┌──

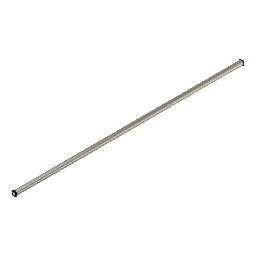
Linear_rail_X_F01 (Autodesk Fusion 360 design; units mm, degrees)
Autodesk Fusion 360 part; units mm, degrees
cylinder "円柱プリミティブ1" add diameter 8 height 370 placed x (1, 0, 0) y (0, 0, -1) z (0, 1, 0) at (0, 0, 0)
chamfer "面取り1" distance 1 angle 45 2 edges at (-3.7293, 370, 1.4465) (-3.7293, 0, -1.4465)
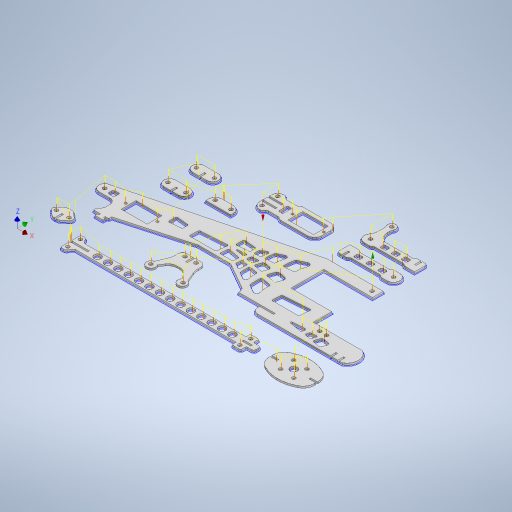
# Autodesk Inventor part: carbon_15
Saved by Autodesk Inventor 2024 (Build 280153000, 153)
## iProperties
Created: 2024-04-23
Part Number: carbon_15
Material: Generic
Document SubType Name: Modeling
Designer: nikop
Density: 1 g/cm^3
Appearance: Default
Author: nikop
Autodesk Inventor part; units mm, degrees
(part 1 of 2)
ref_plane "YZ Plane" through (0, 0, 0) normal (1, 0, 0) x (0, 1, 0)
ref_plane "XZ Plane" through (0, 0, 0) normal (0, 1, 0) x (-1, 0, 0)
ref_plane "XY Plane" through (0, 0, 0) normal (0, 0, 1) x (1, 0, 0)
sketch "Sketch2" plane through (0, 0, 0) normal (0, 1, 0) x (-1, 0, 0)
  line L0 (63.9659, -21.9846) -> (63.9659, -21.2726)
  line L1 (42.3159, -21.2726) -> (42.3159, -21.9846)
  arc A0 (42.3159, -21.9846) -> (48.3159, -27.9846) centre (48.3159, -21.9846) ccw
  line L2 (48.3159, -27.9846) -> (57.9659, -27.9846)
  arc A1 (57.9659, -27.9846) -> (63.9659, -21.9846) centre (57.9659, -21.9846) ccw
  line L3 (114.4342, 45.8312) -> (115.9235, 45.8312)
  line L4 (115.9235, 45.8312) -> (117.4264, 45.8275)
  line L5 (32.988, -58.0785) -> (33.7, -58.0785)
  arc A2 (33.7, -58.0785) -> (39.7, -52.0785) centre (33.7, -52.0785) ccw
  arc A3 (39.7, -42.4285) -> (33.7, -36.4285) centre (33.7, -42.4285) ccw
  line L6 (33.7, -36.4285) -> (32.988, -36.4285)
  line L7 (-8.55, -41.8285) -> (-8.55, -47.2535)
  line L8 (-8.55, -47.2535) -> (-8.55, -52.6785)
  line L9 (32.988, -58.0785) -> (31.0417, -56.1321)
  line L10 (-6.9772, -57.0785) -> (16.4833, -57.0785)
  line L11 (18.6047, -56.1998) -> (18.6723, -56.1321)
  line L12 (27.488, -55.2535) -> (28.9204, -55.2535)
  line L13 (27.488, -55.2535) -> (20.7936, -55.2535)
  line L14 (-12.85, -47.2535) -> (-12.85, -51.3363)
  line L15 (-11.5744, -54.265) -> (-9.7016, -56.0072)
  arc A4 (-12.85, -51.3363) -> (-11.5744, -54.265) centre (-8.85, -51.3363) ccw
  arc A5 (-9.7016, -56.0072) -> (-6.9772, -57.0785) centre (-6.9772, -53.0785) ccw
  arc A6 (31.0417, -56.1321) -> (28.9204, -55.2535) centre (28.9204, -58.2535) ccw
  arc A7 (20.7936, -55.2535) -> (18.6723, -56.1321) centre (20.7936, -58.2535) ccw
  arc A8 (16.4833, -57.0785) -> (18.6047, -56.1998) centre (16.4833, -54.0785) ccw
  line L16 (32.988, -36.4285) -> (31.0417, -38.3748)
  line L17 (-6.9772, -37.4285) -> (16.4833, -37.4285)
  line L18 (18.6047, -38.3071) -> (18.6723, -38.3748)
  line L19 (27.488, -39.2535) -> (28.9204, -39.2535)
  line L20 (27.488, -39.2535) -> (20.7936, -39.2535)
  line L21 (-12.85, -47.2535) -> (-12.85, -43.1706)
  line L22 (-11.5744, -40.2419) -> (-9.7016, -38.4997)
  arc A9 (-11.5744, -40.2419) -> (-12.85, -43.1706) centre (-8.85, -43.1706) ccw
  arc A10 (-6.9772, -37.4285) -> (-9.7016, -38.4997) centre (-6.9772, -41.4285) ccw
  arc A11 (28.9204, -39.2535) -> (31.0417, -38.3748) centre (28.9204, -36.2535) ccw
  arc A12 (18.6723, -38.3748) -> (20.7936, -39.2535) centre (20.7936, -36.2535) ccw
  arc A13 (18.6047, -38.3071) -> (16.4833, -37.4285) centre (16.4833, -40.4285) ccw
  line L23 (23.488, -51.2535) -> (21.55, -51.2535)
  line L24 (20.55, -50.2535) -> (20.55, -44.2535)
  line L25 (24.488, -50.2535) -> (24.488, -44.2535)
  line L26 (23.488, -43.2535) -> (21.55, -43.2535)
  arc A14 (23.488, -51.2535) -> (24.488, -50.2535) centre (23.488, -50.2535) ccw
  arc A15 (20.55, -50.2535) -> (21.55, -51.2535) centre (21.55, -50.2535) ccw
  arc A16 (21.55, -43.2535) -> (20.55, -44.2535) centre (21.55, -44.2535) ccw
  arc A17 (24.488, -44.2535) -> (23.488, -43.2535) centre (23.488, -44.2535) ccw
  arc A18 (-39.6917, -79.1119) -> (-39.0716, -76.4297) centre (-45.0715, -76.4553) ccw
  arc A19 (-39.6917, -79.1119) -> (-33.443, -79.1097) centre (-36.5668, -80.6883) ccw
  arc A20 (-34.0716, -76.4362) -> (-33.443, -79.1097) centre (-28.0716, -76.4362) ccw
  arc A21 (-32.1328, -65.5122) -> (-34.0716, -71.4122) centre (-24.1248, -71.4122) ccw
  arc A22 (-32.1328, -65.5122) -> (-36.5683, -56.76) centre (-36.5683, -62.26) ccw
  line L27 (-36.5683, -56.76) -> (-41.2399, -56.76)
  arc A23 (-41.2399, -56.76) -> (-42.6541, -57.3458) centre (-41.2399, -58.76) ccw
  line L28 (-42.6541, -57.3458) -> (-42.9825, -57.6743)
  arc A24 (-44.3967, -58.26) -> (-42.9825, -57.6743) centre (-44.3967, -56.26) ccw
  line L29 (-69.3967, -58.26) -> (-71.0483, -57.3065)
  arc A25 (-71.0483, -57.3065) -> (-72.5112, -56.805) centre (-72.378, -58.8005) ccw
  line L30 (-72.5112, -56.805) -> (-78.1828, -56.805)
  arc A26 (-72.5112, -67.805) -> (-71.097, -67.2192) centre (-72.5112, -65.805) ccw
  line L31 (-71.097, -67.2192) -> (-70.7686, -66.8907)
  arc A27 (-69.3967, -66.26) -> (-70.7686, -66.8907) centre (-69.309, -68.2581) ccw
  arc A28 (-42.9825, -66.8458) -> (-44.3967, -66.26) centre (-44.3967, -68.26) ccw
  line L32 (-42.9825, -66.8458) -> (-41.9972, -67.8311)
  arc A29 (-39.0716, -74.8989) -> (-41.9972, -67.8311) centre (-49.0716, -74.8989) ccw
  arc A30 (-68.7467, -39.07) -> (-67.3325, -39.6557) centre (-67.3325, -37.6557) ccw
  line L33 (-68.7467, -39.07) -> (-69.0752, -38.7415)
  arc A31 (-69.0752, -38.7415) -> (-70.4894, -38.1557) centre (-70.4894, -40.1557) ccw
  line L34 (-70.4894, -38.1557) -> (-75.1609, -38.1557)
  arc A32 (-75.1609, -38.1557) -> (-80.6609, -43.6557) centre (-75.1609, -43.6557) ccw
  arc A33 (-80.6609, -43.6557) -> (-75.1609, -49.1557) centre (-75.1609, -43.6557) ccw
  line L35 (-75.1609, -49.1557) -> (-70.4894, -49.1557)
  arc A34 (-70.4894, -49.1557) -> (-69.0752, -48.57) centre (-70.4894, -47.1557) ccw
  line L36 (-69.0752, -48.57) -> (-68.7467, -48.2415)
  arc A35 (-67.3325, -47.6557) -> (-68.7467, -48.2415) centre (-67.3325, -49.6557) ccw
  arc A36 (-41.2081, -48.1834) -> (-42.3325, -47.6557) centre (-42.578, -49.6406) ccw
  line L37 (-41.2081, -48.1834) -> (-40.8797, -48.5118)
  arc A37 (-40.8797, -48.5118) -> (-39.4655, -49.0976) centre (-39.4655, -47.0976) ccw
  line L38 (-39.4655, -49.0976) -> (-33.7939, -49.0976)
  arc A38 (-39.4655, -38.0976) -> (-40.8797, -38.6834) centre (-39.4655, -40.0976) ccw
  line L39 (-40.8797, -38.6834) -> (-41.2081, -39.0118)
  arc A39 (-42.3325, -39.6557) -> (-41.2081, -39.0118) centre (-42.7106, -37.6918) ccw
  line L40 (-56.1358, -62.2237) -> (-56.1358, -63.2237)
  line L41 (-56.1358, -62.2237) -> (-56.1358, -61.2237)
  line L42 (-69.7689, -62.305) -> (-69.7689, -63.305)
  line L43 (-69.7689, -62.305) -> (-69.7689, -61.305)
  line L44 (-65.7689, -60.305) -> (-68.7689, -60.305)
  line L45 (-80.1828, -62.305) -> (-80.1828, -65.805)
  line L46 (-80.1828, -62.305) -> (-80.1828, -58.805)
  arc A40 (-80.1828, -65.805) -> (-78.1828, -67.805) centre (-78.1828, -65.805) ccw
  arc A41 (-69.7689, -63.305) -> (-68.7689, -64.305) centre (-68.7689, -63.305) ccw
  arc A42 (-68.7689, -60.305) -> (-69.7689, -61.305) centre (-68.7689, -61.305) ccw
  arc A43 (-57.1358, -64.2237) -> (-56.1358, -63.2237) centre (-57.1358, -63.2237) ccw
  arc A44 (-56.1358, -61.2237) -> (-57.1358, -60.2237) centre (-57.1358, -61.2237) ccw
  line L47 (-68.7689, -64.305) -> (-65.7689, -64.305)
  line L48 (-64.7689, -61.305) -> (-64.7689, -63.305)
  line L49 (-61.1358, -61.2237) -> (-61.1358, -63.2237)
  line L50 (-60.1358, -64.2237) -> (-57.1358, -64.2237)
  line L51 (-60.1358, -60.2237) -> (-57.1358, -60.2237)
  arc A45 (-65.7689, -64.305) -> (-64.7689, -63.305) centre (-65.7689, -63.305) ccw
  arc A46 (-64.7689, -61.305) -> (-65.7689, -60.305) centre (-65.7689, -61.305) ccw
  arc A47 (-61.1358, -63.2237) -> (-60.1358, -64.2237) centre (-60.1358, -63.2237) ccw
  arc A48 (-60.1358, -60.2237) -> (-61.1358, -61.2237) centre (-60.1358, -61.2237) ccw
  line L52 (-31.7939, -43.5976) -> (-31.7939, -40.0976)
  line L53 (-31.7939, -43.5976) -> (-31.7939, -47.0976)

└──

Given the records above, return exactly the lines starting at the line containing "arc A41 (-69.7689, -63.305)" and ending at the line containing "arc A43 (-57.1358, -64.2237)", including both.

■ Output of the task
  arc A41 (-69.7689, -63.305) -> (-68.7689, -64.305) centre (-68.7689, -63.305) ccw
  arc A42 (-68.7689, -60.305) -> (-69.7689, -61.305) centre (-68.7689, -61.305) ccw
  arc A43 (-57.1358, -64.2237) -> (-56.1358, -63.2237) centre (-57.1358, -63.2237) ccw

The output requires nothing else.